I have no need of fine words; I will have only words that are true!
With these words Richard Stern began his chapter in The Book of Fathers. He was especially prodigal in the period following his arrest, even in the temporary prison, while awaiting trial. He was fortunate to have it delivered to him at his request, with other books.
There being no looking-glass at my disposal, I am employing my fingers to examine my face for the ravages of time. Since I have been imprisoned I have not shaved off the hair of my face, which thus covers up the random scars left by the childhood pox, of which I was then, as now, very much ashamed. Because of it I was unwilling to show my face to others and always preferred the comfort afforded by solitude. The hair of my head is falling out in clumps and is now very thin. On my chest growth continues apace, even as, here and there, it is turning white.
When I was arrested I was still a young buck, but here one grows old more quickly, since there is little else to do. The angle of my nose is more pronounced, my brow is furrowed much like the rind of muscat melon. I am lanky in build, yet the little flesh that remains has nonetheless begun to droop, especially at my hips and also under my chin, where there has developed a dewlap resembling the collar of a cape, which I find so repulsive that several times a day I claw at it with my nails until I draw blood. Even less am I able to endure the two somewhat feminine little mounds that have developed on my chest, which, especially when I sit, fold themselves onto the upper half of my stomach. Compared with the proportions of my other parts, my hand is on the small side and my left thumb is missing, a victim of the quack after our tragedy at Lemberg: he claimed that gangrene would have set in after the sword cut and that, had he not removed root as well as branch, it might have cost me my hand, my arm, or even my life.

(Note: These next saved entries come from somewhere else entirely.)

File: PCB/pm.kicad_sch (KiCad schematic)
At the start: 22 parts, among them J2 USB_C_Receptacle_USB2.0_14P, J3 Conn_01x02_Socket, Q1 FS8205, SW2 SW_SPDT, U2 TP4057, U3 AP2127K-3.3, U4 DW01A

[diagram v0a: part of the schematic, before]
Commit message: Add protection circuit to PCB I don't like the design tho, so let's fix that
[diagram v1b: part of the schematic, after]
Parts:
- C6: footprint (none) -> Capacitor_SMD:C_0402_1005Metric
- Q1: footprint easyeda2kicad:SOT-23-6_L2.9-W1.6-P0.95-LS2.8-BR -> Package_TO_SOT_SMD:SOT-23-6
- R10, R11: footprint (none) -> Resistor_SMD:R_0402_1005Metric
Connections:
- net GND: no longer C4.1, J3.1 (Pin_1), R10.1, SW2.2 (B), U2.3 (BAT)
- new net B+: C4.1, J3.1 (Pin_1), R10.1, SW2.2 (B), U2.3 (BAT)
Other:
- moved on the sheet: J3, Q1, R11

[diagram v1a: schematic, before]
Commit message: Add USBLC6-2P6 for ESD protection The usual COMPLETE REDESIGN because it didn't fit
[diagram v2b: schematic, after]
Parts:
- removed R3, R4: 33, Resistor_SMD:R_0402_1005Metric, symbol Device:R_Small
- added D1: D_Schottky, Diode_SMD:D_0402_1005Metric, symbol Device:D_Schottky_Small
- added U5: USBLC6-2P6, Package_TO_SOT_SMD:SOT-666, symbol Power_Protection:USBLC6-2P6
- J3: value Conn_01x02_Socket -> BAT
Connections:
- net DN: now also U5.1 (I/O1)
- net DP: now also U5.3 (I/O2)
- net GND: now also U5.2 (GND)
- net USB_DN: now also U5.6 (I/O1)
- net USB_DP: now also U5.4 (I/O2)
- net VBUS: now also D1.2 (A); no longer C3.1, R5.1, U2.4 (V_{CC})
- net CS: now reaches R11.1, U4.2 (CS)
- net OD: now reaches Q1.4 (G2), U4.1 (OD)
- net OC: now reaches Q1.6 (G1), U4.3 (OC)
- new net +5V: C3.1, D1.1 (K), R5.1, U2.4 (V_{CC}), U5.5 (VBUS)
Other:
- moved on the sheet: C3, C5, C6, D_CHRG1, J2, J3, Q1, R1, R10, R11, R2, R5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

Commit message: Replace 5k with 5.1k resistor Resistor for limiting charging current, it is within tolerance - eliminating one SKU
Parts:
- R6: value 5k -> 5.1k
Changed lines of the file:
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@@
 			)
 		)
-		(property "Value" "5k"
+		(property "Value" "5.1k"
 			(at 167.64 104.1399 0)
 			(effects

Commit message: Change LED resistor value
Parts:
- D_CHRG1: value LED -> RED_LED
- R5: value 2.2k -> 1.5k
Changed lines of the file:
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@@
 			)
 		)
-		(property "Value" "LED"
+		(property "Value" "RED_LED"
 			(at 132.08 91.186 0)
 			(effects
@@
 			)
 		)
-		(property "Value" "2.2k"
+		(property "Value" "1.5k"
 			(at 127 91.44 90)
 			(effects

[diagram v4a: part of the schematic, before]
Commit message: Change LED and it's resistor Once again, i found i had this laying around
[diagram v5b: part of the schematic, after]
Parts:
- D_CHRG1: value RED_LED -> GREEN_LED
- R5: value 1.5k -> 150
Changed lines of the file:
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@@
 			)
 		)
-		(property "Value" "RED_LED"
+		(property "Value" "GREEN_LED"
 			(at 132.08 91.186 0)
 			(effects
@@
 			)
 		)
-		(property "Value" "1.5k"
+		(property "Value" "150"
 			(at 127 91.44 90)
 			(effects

Whenever he thought of his lost thumb, he relived the pain of its loss; a more agonizing experience he had never endured, though his interrogators had tortured him mercilessly with prickings and brandings that pained him still and that perhaps his body would not get over until his dying day. At seven years of age, he had awakened to see two men armed to the teeth ripping off the carriage door. His mother was dragged away by her hair, shrieking; his brothers were sliced up with scimitars, his brother Robert’s head flying off his body like a tossed ball and Rudolf’s bloody guts spilling onto the carriage step and flooding Richard’s only escape route. By then the other door of the carriage had opened and from that side a blade pierced his back even as it seemed also to strike his neck and left hand. In his final glint of consciousness he saw a series of images: a very familiar-looking young man, in irons, in a prison.
As he grew up, he gradually understood that provided he bore the suffering that accompanied his memories of the past, he would be given some taste of the future awaiting him. Once he divined that the young man was himself, he was certain there was no escaping the bitter fate of imprisonment. He was a student at the Sárospatak Collegium when his visions first gave him access to even more curious sights. He could see his own marriage feast, then his wedding night and the birth of his six children, all of them boys. If this prophecy was to be believed, his bride would be a lady who spoke an alien language, with skin the color of honey, hair as black as night, and a triangular birthmark on her breastbone. Though fearful of his visions, yet he trusted them.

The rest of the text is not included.